Moreover, self-love may be disordered when it seeks for its end apart from God, in its pleasures, in its self-glorification, in its self-righteousness. Some people dethrone God and set up self in His place, and make self-interest their only law, and self their only law-giver. Again, self-love becomes sinful when it sees good where good is not, and takes the appearance for the reality.

Self-love is disposed to self-delusion whenever it is allowed to consider itself too highly.
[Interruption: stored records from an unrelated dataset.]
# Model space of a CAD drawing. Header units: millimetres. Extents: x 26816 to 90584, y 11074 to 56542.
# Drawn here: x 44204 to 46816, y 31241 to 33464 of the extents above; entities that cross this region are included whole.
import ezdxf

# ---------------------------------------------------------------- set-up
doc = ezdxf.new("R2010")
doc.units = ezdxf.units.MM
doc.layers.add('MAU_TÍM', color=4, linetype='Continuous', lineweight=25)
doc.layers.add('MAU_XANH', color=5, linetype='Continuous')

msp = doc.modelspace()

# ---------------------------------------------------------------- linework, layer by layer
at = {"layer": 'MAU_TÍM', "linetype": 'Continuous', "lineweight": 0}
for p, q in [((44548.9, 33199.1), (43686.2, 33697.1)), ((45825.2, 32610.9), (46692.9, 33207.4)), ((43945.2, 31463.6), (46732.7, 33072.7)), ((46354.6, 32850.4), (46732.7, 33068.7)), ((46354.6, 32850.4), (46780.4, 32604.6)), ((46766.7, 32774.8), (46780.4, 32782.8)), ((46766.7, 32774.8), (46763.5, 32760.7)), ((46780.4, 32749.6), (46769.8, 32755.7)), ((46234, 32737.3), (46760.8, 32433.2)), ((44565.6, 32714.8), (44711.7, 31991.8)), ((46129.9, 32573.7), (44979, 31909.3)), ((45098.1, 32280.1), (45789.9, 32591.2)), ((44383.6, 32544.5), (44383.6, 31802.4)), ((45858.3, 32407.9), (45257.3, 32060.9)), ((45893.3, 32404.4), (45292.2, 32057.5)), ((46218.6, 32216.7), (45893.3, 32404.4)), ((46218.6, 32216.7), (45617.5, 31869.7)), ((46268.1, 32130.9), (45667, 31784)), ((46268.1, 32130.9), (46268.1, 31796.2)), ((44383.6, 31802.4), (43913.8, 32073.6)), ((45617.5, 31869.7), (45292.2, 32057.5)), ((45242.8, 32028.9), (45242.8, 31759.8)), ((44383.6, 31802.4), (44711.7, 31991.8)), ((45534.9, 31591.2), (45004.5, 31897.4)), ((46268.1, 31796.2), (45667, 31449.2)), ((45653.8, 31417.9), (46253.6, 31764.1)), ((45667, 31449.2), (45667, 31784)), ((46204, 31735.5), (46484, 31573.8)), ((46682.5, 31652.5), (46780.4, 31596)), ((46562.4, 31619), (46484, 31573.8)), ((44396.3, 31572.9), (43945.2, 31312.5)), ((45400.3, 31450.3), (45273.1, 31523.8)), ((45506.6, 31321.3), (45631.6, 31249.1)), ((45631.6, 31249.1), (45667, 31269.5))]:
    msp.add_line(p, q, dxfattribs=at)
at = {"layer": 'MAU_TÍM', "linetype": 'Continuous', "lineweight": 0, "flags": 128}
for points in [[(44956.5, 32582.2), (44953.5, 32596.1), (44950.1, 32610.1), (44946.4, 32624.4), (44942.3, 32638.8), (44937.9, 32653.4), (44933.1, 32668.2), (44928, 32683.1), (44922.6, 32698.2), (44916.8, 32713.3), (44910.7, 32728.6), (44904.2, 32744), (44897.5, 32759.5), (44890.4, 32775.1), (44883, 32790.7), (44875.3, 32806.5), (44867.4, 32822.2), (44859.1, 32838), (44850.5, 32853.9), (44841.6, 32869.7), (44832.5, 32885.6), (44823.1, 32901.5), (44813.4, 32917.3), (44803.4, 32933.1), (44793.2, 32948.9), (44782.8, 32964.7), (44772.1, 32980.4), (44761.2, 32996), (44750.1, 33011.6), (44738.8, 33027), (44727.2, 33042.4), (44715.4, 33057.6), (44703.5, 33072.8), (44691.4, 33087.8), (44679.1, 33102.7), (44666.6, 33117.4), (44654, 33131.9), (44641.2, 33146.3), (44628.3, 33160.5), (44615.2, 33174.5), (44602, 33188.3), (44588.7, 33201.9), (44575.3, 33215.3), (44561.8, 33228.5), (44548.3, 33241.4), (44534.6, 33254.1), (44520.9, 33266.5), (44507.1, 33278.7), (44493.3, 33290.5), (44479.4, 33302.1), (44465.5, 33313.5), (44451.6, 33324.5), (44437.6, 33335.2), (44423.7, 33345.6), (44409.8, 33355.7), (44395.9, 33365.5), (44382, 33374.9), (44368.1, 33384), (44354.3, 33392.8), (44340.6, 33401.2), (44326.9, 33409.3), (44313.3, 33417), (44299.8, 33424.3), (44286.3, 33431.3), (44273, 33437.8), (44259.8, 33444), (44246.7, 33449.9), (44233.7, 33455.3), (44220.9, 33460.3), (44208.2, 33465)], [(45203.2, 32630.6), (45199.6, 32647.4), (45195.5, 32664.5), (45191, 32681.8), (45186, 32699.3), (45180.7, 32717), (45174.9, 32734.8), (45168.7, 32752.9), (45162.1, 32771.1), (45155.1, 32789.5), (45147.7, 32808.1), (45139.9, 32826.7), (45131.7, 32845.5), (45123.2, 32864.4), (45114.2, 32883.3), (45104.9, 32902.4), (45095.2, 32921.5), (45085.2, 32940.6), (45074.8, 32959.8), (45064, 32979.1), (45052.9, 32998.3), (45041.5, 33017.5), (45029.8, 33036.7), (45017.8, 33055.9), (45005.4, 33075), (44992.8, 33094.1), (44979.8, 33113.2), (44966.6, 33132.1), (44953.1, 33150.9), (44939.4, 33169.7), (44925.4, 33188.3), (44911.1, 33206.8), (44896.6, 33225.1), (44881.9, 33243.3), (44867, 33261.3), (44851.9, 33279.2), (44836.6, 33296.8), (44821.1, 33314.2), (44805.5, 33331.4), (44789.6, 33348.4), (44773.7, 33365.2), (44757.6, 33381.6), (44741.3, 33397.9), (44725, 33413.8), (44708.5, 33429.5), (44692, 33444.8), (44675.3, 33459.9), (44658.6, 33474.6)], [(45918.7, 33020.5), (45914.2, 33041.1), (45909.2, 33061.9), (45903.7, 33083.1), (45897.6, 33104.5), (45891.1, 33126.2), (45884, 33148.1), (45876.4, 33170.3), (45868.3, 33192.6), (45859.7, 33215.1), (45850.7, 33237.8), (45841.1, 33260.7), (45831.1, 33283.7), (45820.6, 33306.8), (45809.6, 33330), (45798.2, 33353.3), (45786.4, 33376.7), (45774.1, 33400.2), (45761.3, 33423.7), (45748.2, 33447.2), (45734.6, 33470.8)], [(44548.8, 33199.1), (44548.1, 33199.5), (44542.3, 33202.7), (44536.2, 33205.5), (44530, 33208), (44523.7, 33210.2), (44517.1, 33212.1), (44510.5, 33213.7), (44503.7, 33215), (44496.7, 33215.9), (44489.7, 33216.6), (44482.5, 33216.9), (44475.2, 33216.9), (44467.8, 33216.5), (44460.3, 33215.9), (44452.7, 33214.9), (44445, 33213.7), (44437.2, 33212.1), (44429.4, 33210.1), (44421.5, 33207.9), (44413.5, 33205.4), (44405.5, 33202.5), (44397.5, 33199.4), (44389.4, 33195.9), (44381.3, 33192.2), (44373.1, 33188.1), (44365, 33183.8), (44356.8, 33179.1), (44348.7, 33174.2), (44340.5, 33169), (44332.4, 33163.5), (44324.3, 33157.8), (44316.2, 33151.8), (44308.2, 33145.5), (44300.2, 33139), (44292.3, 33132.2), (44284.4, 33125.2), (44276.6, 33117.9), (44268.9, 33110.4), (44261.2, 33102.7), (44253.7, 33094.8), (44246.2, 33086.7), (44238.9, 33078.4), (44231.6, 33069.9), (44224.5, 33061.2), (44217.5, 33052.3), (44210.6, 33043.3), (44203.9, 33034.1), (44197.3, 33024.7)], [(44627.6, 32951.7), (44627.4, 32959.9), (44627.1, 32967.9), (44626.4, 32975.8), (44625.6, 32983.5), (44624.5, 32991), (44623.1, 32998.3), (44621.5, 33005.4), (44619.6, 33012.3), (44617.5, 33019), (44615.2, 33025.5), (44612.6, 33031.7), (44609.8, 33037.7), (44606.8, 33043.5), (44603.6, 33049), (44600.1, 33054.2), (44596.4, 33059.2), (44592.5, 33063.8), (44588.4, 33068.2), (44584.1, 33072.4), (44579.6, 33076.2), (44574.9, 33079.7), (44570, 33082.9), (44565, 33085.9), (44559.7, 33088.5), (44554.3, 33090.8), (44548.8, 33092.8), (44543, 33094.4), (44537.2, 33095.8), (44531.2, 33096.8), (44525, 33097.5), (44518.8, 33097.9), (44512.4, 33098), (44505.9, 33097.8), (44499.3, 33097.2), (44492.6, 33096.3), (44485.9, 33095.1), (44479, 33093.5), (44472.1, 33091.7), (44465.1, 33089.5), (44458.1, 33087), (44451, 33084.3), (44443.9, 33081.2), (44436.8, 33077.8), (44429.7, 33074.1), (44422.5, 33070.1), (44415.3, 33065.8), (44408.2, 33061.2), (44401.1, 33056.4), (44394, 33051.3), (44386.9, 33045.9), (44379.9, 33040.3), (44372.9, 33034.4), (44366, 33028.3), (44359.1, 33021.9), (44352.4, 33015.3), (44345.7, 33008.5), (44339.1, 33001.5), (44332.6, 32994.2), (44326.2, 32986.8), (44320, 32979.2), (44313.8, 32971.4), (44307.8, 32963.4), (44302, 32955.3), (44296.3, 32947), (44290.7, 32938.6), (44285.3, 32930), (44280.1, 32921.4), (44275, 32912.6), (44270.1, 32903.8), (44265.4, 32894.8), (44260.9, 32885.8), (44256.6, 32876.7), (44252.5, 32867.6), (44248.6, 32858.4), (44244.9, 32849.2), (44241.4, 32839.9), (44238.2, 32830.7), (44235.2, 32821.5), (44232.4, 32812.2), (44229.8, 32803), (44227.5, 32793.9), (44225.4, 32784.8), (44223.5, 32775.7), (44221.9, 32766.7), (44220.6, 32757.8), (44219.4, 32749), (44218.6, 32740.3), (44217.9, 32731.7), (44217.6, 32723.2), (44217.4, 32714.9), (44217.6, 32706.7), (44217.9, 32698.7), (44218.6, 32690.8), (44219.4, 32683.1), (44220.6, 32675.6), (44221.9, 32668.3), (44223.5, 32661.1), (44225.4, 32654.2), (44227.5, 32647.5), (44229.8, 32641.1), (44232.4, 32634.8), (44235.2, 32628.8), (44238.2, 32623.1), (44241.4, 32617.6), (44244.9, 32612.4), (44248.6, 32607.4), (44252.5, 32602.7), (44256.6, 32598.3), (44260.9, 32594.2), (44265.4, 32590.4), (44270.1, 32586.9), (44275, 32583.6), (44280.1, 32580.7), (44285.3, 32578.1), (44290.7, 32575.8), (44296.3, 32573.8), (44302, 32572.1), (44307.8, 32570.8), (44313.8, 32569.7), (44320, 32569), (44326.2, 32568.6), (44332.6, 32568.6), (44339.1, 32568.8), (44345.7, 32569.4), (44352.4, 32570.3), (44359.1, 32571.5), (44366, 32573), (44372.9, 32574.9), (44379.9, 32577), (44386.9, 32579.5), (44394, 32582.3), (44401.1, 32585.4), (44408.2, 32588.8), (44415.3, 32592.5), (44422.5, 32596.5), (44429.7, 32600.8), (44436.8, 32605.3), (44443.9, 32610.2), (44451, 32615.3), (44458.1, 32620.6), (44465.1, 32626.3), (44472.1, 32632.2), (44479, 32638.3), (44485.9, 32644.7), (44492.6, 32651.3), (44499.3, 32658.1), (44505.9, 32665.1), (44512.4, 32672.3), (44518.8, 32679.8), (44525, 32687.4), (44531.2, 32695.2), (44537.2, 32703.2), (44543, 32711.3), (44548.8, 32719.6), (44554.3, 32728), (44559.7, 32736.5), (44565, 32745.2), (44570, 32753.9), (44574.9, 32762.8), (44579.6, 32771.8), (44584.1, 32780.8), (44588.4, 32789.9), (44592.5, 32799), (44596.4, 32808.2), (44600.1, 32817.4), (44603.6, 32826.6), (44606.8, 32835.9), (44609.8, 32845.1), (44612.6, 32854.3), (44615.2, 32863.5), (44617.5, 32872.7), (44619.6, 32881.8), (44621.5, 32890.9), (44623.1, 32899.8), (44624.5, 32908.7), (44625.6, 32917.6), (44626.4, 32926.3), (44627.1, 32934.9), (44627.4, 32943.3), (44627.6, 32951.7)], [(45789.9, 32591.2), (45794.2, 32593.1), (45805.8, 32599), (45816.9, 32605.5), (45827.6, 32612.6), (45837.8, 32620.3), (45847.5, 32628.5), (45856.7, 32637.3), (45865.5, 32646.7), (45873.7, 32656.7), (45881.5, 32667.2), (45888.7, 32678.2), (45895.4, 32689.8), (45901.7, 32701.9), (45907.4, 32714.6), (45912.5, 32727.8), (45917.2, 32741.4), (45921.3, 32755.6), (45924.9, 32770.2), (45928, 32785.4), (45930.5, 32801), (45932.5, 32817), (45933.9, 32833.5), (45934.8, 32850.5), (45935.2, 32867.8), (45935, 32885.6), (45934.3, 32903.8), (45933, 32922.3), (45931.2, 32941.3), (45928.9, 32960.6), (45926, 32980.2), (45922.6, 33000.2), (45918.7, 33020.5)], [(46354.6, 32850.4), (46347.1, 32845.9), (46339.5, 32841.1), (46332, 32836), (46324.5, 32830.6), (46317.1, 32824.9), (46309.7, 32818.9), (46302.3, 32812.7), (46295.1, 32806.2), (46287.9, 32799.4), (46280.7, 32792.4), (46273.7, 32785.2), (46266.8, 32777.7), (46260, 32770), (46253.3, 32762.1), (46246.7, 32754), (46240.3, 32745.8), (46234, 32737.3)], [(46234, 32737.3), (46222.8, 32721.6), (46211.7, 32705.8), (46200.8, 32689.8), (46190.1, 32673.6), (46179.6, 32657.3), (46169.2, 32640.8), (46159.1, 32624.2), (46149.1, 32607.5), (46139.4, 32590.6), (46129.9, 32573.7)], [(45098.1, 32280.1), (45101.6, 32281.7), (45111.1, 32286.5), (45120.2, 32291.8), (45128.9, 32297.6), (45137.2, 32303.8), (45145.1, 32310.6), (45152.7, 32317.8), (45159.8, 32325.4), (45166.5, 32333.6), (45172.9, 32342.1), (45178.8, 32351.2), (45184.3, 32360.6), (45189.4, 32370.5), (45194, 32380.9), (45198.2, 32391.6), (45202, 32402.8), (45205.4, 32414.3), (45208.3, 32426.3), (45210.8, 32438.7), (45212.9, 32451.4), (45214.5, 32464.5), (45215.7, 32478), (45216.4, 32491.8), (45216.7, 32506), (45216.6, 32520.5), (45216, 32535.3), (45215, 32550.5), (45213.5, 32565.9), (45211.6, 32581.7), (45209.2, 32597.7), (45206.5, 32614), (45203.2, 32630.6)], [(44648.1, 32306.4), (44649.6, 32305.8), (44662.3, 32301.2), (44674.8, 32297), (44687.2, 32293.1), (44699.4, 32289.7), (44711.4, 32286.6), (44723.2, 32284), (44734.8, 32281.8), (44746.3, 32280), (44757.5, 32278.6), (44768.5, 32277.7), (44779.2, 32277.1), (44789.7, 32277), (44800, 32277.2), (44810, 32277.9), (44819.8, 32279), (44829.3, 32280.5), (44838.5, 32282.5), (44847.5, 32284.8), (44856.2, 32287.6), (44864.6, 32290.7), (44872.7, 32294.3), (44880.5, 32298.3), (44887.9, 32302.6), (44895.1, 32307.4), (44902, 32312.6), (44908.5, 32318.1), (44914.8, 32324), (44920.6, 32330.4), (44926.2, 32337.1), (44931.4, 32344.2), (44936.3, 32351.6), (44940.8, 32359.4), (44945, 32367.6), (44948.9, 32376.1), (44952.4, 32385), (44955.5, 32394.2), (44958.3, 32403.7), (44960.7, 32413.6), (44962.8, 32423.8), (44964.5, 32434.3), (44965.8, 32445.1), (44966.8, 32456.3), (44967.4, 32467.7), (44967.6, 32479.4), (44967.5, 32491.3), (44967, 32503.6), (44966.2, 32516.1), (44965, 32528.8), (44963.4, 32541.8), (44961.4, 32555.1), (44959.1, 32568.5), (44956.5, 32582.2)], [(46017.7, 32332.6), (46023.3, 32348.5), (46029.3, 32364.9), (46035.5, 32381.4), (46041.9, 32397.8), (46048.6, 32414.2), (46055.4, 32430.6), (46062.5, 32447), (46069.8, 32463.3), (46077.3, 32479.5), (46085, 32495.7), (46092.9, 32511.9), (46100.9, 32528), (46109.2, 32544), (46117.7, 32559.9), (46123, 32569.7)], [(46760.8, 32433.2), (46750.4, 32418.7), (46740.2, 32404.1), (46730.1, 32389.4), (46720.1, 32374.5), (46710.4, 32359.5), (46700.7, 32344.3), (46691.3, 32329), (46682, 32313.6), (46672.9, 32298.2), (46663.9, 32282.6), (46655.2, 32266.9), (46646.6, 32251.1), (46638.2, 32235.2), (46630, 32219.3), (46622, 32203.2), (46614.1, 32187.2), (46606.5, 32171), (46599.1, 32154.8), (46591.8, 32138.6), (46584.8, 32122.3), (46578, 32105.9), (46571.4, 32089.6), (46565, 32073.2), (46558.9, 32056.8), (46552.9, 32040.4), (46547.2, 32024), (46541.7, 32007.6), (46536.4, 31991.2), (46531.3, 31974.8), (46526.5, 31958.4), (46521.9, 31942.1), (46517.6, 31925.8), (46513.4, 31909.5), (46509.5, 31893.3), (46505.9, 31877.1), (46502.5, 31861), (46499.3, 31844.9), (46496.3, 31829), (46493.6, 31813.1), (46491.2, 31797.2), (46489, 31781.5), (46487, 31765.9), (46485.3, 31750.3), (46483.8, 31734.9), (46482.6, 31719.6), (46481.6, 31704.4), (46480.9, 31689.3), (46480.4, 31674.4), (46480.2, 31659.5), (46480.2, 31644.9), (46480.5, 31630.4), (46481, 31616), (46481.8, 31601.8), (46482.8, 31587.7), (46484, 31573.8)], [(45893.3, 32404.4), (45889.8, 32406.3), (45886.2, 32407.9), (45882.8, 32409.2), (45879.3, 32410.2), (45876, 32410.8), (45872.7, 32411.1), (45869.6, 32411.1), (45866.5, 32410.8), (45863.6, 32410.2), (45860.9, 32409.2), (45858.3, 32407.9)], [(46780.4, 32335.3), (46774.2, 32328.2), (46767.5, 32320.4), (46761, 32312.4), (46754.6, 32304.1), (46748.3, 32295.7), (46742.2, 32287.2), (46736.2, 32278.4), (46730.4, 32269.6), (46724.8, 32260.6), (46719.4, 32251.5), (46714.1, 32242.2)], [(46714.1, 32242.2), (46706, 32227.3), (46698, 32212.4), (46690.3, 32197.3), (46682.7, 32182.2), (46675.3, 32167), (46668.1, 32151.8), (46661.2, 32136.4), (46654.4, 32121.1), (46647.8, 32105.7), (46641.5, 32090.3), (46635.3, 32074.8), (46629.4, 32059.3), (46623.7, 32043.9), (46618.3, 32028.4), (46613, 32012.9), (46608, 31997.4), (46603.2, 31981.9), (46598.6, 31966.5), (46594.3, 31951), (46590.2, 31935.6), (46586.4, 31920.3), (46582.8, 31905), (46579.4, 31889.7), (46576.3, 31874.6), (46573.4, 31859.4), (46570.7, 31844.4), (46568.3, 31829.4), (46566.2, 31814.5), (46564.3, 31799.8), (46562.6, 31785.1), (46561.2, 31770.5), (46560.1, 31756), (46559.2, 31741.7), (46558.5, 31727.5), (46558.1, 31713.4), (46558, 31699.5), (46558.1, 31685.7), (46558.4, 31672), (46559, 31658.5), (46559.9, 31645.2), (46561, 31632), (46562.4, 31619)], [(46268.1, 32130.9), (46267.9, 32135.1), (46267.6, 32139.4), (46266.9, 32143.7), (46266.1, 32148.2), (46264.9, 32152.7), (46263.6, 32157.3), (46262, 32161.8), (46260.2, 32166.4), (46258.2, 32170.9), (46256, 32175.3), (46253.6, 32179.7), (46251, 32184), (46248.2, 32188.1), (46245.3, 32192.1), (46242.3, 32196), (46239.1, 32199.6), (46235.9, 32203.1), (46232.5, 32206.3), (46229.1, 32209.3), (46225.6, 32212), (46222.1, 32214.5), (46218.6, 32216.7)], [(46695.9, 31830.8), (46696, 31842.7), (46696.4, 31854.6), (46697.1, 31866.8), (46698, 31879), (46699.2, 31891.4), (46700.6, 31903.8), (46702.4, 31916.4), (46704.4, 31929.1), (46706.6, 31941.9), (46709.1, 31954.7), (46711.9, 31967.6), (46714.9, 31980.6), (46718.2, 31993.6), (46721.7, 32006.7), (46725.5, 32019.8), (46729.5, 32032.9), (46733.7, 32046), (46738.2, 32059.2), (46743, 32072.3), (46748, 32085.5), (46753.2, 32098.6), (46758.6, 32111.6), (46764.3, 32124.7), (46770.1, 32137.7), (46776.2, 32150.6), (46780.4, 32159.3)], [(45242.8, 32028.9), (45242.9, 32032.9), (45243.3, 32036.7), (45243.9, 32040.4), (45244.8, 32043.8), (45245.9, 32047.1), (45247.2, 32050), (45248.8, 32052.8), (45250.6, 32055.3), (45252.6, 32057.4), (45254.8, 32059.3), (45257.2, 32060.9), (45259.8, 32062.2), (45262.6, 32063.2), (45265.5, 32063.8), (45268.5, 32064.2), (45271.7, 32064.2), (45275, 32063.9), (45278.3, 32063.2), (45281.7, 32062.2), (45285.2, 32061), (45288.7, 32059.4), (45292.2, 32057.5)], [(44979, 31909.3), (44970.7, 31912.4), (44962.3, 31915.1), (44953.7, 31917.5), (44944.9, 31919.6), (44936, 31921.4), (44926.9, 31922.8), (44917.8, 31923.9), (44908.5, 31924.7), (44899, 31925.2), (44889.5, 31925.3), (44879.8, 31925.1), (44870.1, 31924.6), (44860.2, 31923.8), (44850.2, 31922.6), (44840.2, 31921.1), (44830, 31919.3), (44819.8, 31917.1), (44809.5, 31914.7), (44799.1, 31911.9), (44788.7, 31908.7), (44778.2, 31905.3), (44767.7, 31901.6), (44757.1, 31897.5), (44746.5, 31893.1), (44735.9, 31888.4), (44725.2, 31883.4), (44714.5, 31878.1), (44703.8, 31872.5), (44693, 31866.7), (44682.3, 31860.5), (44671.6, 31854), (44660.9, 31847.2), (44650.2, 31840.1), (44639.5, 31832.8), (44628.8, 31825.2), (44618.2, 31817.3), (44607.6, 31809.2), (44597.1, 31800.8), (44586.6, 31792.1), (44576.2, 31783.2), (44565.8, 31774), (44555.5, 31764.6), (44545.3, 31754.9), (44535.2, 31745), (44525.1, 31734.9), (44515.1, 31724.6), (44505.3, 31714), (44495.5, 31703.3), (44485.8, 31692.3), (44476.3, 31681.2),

3. Self-love once excessive and unreasonable, draws on to pride, avarice, luxury, gluttony, anger, indolence, because it shows man his supreme good in honours that flatter, riches and pleasures that puff up and indulge self-love, revenge against such as offend self-love, and that neglect of duty which comes so easy to those who give way to self-love. All the Seven Vices minister to self-love, pamper and feed it, assist in its growth, and tend to make it take the place of God in the heart.

Self-love is harmless so long as it does not encourage the growth of these noxious vices. We must therefore be very watchful of ourselves, and hold our love of self under severe control, never allowing it to become a soil in which vices may luxuriate, but seeing that it be a garden plot in which Christian graces spring up, which it well may, for the same soil that grows weeds will grow flowers.

4. Self-control, self-renunciation, are required of us by Christ. “If any man will come after Me, let him deny himself, and take up his cross, and follow Me.” (Matt. xvi. 24.) The true love of self has a far eye and looks to eternity, and seeks those things that are above, not the things that minister to self-love below;seeks the salvation of the soul, not the pampering of the flesh and the flattery of pride. And the only way of obtaining the imperishable riches and unfading joys, is by resisting the inclinations of the carnal nature towards such as are for a time, and perish in the using. There is a true love of self and a false love of self; or rather love may be directed towards the elevation of the better self, or to the degradation of the inferior self. It is necessary to distinguish between the elements that make man, Body, Soul, and Mind, and to seek those things which minister to the superior elements—Mind and Soul, not to the animal part of man—Body. Or again, not to serve only the Mind and neglect the Soul, but to seek the welfare of the Soul first of all.